Classification of DEGs in experiment with four groups of treatments
There are 228 DEGs derived from a total of 1500 genes printed on a microarray chip as shown in the methods. To understand which group of DEGs affect the changes in our behavioral measurement, we classified DEGs based on our four experimentally treated groups. We did Venn analysis shown in figure 5 that revealed 27 DEGs in common. To understand the expressional profile between stressed and CORT treated groups we further analyzed these two groups shown in figure 6. As shown, 42 DEGs out of 111 DEGs were expressed in the Venn analysis indicating that CORT DEG expression is independent of stress. Furthermore 13 DEGs were not affected by CORT treatment indicating that these 13 DEGs could be mediated by neuronal mechanisms or by other hormonal mechanisms other than CORT.
Canonical analysis of DEGs in stress and in CORT treatment.
Enzymes, phosphates, transmembrane receptors, cytokine channels, transcription factors, G-proteins coupled receptors, growth factors, and nuclear receptors are represented by a node shape in Figures 11, 12, and 13. Canonical pathways are displayed in Figure 7. Figure8 and Table 2. These pathways are from the IPA library that correlates most significantly to the input data set. Two parameters were used to determine the significance of the association between the data set and canonical pathway. Firstly, the ration of genes from the data set of the pathway divided by the total number of genes of the canonical pathway. Secondly, a P-value calculated using Fischer's exact test show that the probability of the association between genes of the data set and genes of the canonical pathway is due to chance alone. Node (gene) and line (gene relationship) are explained in Figure 11. The intensity of the node color-(red)) indicates the degree of up-regulation. Genes in uncolored nodes are not identified as differentially expressed genes in our experiment and are integrated into the computationally generated networks on the basis of the evidence stored in the IPA knowledge memory indicating relevance to this network. The node shape denotes enzymes, phosphatases, kinases, peptidases, G-protein coupled receptors, transmembrane receptors, cytokines, growth factors, ion channels, transporters, translation factors, nuclear receptors, and transcription factors.
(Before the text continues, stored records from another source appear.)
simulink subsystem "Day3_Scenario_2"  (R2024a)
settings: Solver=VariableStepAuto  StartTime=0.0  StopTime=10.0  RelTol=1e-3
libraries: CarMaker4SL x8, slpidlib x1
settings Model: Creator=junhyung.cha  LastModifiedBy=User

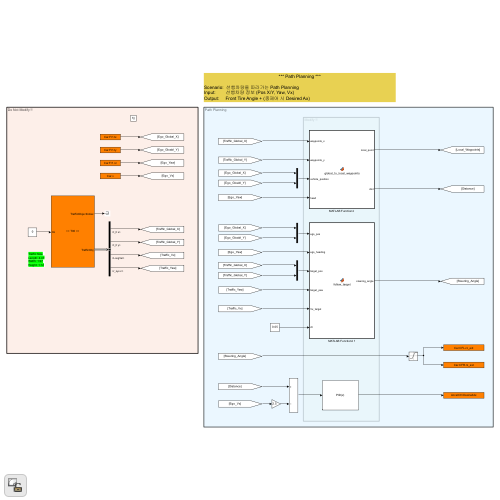
[thumbnail: Simulink's stored preview of the top-level diagram]
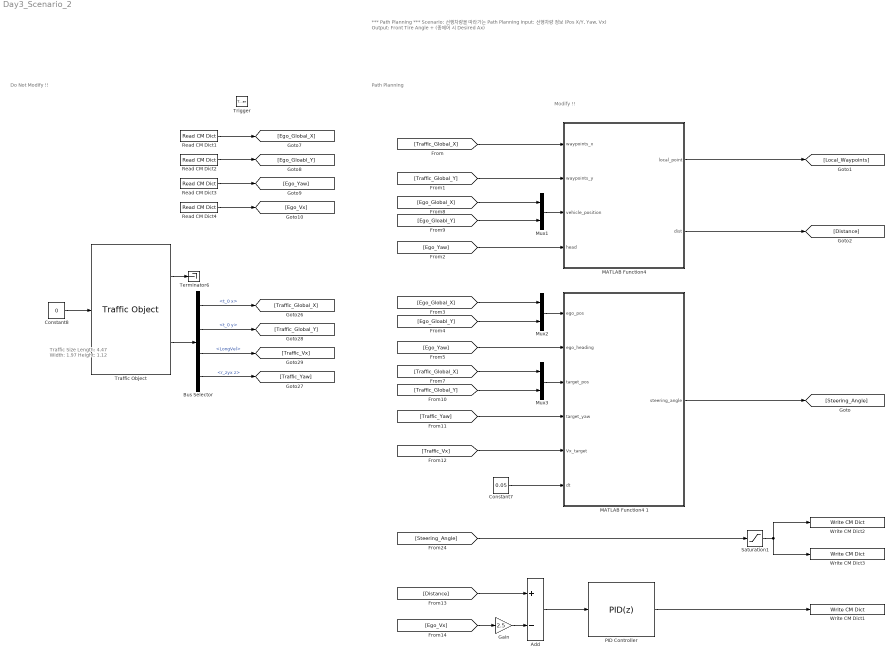
== system Day3_Scenario_2 ==
  note: Path Planning
  note: Do Not Modify !!
  note: Modify !!
  note: *** Path Planning ***
      |
      | Scenario: 선행차량을 따라가는 Path Planning
      | Input: 선행차량 정보 (Pos X/Y, Yaw, Vx)
      | Output: Front Tire Angle + (종제어 시 Desired Ax)
  note: Traffic Size
      | Length: 4.47
      | Width: 1.97
      | Height: 1.12
  Trigger : TriggerPort  TriggerType=function-call  VariantControl=(inherit)
  Add : Sum  Inputs=+-
  Bus Selector : BusSelector  OutputSignals=t_0 x,t_0 y,LongVel,r_zyx z
  Constant7 : Constant  Value=0.05
  Constant8 : Constant  Value=0
  Gain : Gain  Gain=2.5
  "MATLAB Function4 " : MATLAB Function  TreatAsAtomicUnit=on
  MATLAB Function4 1 : MATLAB Function  TreatAsAtomicUnit=on
  Mux1 : Mux  Inputs=2
  Mux2 : Mux  Inputs=2
  Mux3 : Mux  Inputs=2
  PID Controller : slpidlib/PID Controller  Controller=PID  Form=Parallel  TimeDomain=Discrete-time  UseExternalTs=off  SampleTime=-1  IntegratorMethod=Forward Euler  FilterMethod=Forward Euler  ControllerParametersSource=internal  P=3  I=0.01  UseKiTs=off  D=0  UseExternalDerivativeSource=off  N=100  UseFilter=on  TunerSelectOption=Transfer Function Based (PID Tuner App)  InitialConditionSource=internal  InitialConditionForIntegrator=0  InitialConditionForFilter=0  DifferentiatorICPrevScaledInput=0  ExternalReset=none  TrackingMode=off  Kt=1  LimitOutput=off  SatLimitsSource=internal  UpperSaturationLimit=inf  LowerSaturationLimit=-inf  LinearizeAsGain=on  AntiWindupMode=none  Kb=1  LimitIntegrator=off  UpperIntegratorSaturationLimit=inf  LowerIntegratorSaturationLimit=-inf  POutMin=[]  POutMax=[]  IOutMin=[]  IOutMax=[]  DOutMin=[]  DOutMax=[]  NOutMin=[]  NOutMax=[]  SumOutMin=[]  SumOutMax=[]  SaturationOutMin=[]  SaturationOutMax=[]  PParamMin=[]  PParamMax=[]  IParamMin=[]  IParamMax=[]  DParamMin=[]  DParamMax=[]  NParamMin=[]  NParamMax=[]  KbParamMin=[]  KbParamMax=[]  KtParamMin=[]  KtParamMax=[]  KbOutMin=[]  KbOutMax=[]  KtOutMin=[]  KtOutMax=[]  IntegratorOutMin=[]  IntegratorOutMax=[]  FilterOutMin=[]  FilterOutMax=[]  SumI1OutMin=[]  SumI1OutMax=[]  SumI2OutMin=[]  SumI2OutMax=[]  SumI3OutMin=[]  SumI3OutMax=[]  SumI4OutMin=[]  SumI4OutMax=[]  SumDOutMin=[]  SumDOutMax=[]  DifferentiatorOutMin=[]  DifferentiatorOutMax=[]  FilterDiffOutCoefMin=[]  FilterDiffOutCoefMax=[]  ReciprocalOutMin=[]  ReciprocalOutMax=[]  SumDenOutMin=[]  SumDenOutMax=[]  SumNumOutMin=[]  SumNumOutMax=[]  DivideOutMin=[]  DivideOutMax=[]  UdiffTsProdOutMin=[]  UdiffTsProdOutMax=[]  NTsProdOutMin=[]  NTsProdOutMax=[]  UintegralTsProdOutMin=[]  UintegralTsProdOutMax=[]  UngainTsProdOutMin=[]  UngainTsProdOutMax=[]  ClampingZeroOutDataTypeStr=Inherit: Inherit via back propagation  ClampingZeroOutMin=[]  ClampingZeroOutMax=[]  FilterDenConstantOutDataTypeStr=Inherit: Inherit via back propagation  FilterDenConstantOutMin=[]  FilterDenConstantOutMax=[]  PCopyOutDataTypeStr=Inherit: Inherit via back propagation  PCopyOutMin=[]  PCopyOutMax=[]  NCopyOutDataTypeStr=Inherit: Inherit via back propagation  NCopyOutMin=[]  NCopyOutMax=[]  IntegratorContinuousStateAttributes=''  IntegratorStateMustResolveToSignalObject=off  IntegratorRTWStateStorageClass=Auto  FilterContinuousStateAttributes=''  FilterStateMustResolveToSignalObject=off  FilterRTWStateStorageClass=Auto  ParallelPVariant=InternalParameters  IdealPVariant=Disabled  IVariant=InternalParameters  DVariant=InternalParameters  IntegratorVariant=Discrete  SatVariant=Disabled  AWVariant=Passthrough  PCopyVariant=Disabled  TRVariant=Disabled  FdbkBlocksVariant=Forward  IdealPFdbkVariant=Disabled  SatFdbkVariant=Disabled  DerivativeFilterVariant=ForwardEulerFilter  NVariant=InternalParameters  NCopyVariant=Disabled  FilterICVariant=InternalICsFilter  IntegratorICVariant=InternalICs  ExternalResetVariant=Disabled  TRSumVariant=Passthrough  SumFdbkVariant=Disabled  SumVariant=Sum_PID  TsampFilterVariant=InternalTs  TsampNgainVariant=Passthrough  TsampIntegralVariant=Disabled_SignalSpec  ExternalSaturationOutDataTypeStr=Inherit: Same as second input  DerivativeSourceVariant=ErrorSignal
  Read CM Dict1 : CarMaker4SL/Read CM Dict  xname=Car.Fr1.tx  xsync=off  xstime=Inherited
  Read CM Dict2 : CarMaker4SL/Read CM Dict  xname=Car.Fr1.ty  xsync=off  xstime=Inherited
  Read CM Dict3 : CarMaker4SL/Read CM Dict  xname=Car.Fr1.rz  xsync=off  xstime=Inherited
  Read CM Dict4 : CarMaker4SL/Read CM Dict  xname=Car.v  xsync=off  xstime=Inherited
  Saturation1 : Saturate  UpperLimit=pi/6  LowerLimit=-pi/6
  Terminator6 : Terminator
  Traffic Object : CarMaker4SL/Traffic Object  xname=T00  ximode=Traffic Id  xstime=Inherited
      settings: SourceProductName=CarMaker4SL
  Write CM Dict1 : CarMaker4SL/Write CM Dict  xname=AccelCtrl.DesiredAx  xsync=off
  Write CM Dict2 : CarMaker4SL/Write CM Dict  xname=Car.CFL.rz_ext  xsync=off
  Write CM Dict3 : CarMaker4SL/Write CM Dict  xname=Car.CFR.rz_ext  xsync=off
  wires:
  Read CM Dict4/1 -> [Ego_Vx]
  Saturation1/1 -> Write CM Dict3/1, Write CM Dict2/1
  Read CM Dict3/1 -> [Ego_Yaw]
  Read CM Dict1/1 -> [Ego_Global_X]
  Read CM Dict2/1 -> [Ego_Gloabl_Y]
  [Steering_Angle] -> Saturation1/1
  Traffic Object/2 -> Bus Selector/1
  Constant8/1 -> Traffic Object/1
  Bus Selector/4 -> [Traffic_Yaw]  "<r_zyx z>"
  Bus Selector/3 -> [Traffic_Vx]  "<LongVel>"
  Traffic Object/1 -> Terminator6/1
  Bus Selector/2 -> [Traffic_Global_Y]  "<t_0 y>"
  Bus Selector/1 -> [Traffic_Global_X]  "<t_0 x>"
  [Traffic_Global_X] -> "MATLAB Function4 "/1(waypoints_x)
  [Traffic_Global_Y] -> "MATLAB Function4 "/2(waypoints_y)
  [Ego_Gloabl_Y] -> Mux1/2
  Mux1/1 -> "MATLAB Function4 "/3(vehicle_position)
  [Ego_Global_X] -> Mux1/1
  [Ego_Yaw] -> "MATLAB Function4 "/4(head)
  "MATLAB Function4 "/1(local_point) -> [Local_Waypoints]
  "MATLAB Function4 "/2(dist) -> [Distance]
  [Ego_Global_X] -> Mux2/1
  [Ego_Gloabl_Y] -> Mux2/2
  Mux2/1 -> MATLAB Function4 1/1(ego_pos)
  [Ego_Yaw] -> MATLAB Function4 1/2(ego_heading)
  [Traffic_Global_X] -> Mux3/1
  [Traffic_Global_Y] -> Mux3/2
  [Traffic_Yaw] -> MATLAB Function4 1/4(target_yaw)
  Mux3/1 -> MATLAB Function4 1/3(target_pos)
  [Traffic_Vx] -> MATLAB Function4 1/5(Vx_target)
  Constant7/1 -> MATLAB Function4 1/6(dt)
  MATLAB Function4 1/1(steering_angle) -> [Steering_Angle]
  [Distance] -> Add/1
  [Ego_Vx] -> Gain/1
  Add/1 -> PID Controller/1
  PID Controller/1 -> Write CM Dict1/1
  Gain/1 -> Add/2

== matlab function Day3_Scenario_2/MATLAB Function4  ==
  settings: sampleTime=0.1
  data: waypoints_x input; waypoints_y input; local_point output; vehicle_position input; head input; dist output
function [local_point, dist] = global_to_local_waypoints(waypoints_x, waypoints_y, vehicle_position, head)

% Input
% waypoints_x       : Target vehicle global X [m]
% waypoints_y       : Target vehicle global Y [m]
% vehicle_position  : [Ego_Global_X; Ego_Global_Y]
% head              : Ego yaw [rad]
%
% Output
% local_point       : target position in ego local frame [x_local; y_local]
% dist              : distance between ego and target [m]

ego_x = vehicle_position(1);
ego_y = vehicle_position(2);
ego_yaw = head;

target_x = waypoints_x;
target_y = waypoints_y;

dx = target_x - ego_x;
dy = target_y - ego_y;

% Global → Ego Local 좌표 변환
x_local =  cos(ego_yaw) * dx + sin(ego_yaw) * dy;
y_local = -sin(ego_yaw) * dx + cos(ego_yaw) * dy;

local_point = [x_local; y_local];

dist = sqrt(dx^2 + dy^2);

end

== matlab function Day3_Scenario_2/MATLAB Function4 1 ==
  settings: sampleTime=0.1
  data: ego_pos input; ego_heading input; steering_angle output; target_pos input; target_yaw input; Vx_target input; dt input
function steering_angle = follow_target(ego_pos, ego_heading, target_pos, target_yaw, Vx_target, dt)

% Input
% ego_pos      : [Ego_Global_X; Ego_Global_Y]
% ego_heading  : Ego yaw [rad]
% target_pos   : [Traffic_Global_X; Traffic_Global_Y]
% target_yaw   : Traffic yaw [rad]
% Vx_target    : Target vehicle longitudinal velocity [m/s]
% dt           : sample time [s]
%
% Output
% steering_angle : front tire steering angle [rad]

% 차량 파라미터
L = 2.7;   % wheelbase [m]

% 선행차량 위치
ego_x = ego_pos(1);
ego_y = ego_pos(2);

tar_x = target_pos(1);
tar_y = target_pos(2);

% 선행차량 위치를 조금 예측
predict_time = 0.3;   % [s]
tar_x_pred = tar_x + Vx_target * predict_time * cos(target_yaw);
tar_y_pred = tar_y + Vx_target * predict_time * sin(target_yaw);

% Ego 기준 상대 위치
dx = tar_x_pred - ego_x;
dy = tar_y_pred - ego_y;

% Global → Ego Local 변환
x_local =  cos(ego_heading) * dx + sin(ego_heading) * dy;
y_local = -sin(ego_heading) * dx + cos(ego_heading) * dy;

% 선행차량이 너무 가까우면 조향이 튀므로 최소 lookahead 보정
Ld = sqrt(x_local^2 + y_local^2);

if Ld < 6
    Ld = 6;
elseif Ld > 30
    Ld = 30;
end

% 선행차량이 ego 뒤쪽으로 잡히면 조향 유지
persistent prev_steer

if isempty(prev_steer)
    prev_steer = 0;
end

if x_local < 1
    steering_cmd = prev_steer;
else
    % Pure Pursuit 기반 조향각
    alpha = atan2(y_local, x_local);
    steering_cmd = atan2(2 * L * sin(alpha), Ld);
end

% 조향각 제한
steer_max = 0.35;   % 약 20 deg

if steering_cmd > steer_max
    steering_cmd = steer_max;
elseif steering_cmd < -steer_max
    steering_cmd = -steer_max;
end

% 조향 변화율 제한
max_steer_rate = 0.8;   % rad/s
max_delta = max_steer_rate * dt;

delta = steering_cmd - prev_steer;

if delta > max_delta
    steering_angle = prev_steer + max_delta;
elseif delta < -max_delta
    steering_angle = prev_steer - max_delta;
else
    steering_angle = steering_cmd;
end

prev_steer = steering_angle;

end

Validation of the Rap1b and Arhgap1 Gene Expressions in the Amygdala (Microarray) and Blood (qRT-PCR).
Quantitative real-time PCR (qRT-PCR) was used to validate and to confirm gene expression results obtained from microarray analysis in our previously published results [33]. The relative mRNA levels of identified genes measured by qRT-PCR were in agreement with the data detected by microarray from 92 to 67% on five genes examined[33]. Previously, in an attempt to correlate biomarkers in peripheral tissue (blood) with the profile of dysregulated genes in the amygdala, Rap1b, and Arhgap1 were chosen. In the current study, upregulation of (Rap1b) and downregulation of (Arhgap1) expressions were observed in stressed amygdala and blood. Rap1b is of known relevance to abnormal fear response [34]. The results show that the relative mRNA levels of these genes measured by qRT-PCR (blood, n = 8, p < 0.01) were in agreement with the data detected by microarray (amygdala, n = 10, p < 0.01) experiments (shown in Figures 1A,B in Supplementary Material) [15].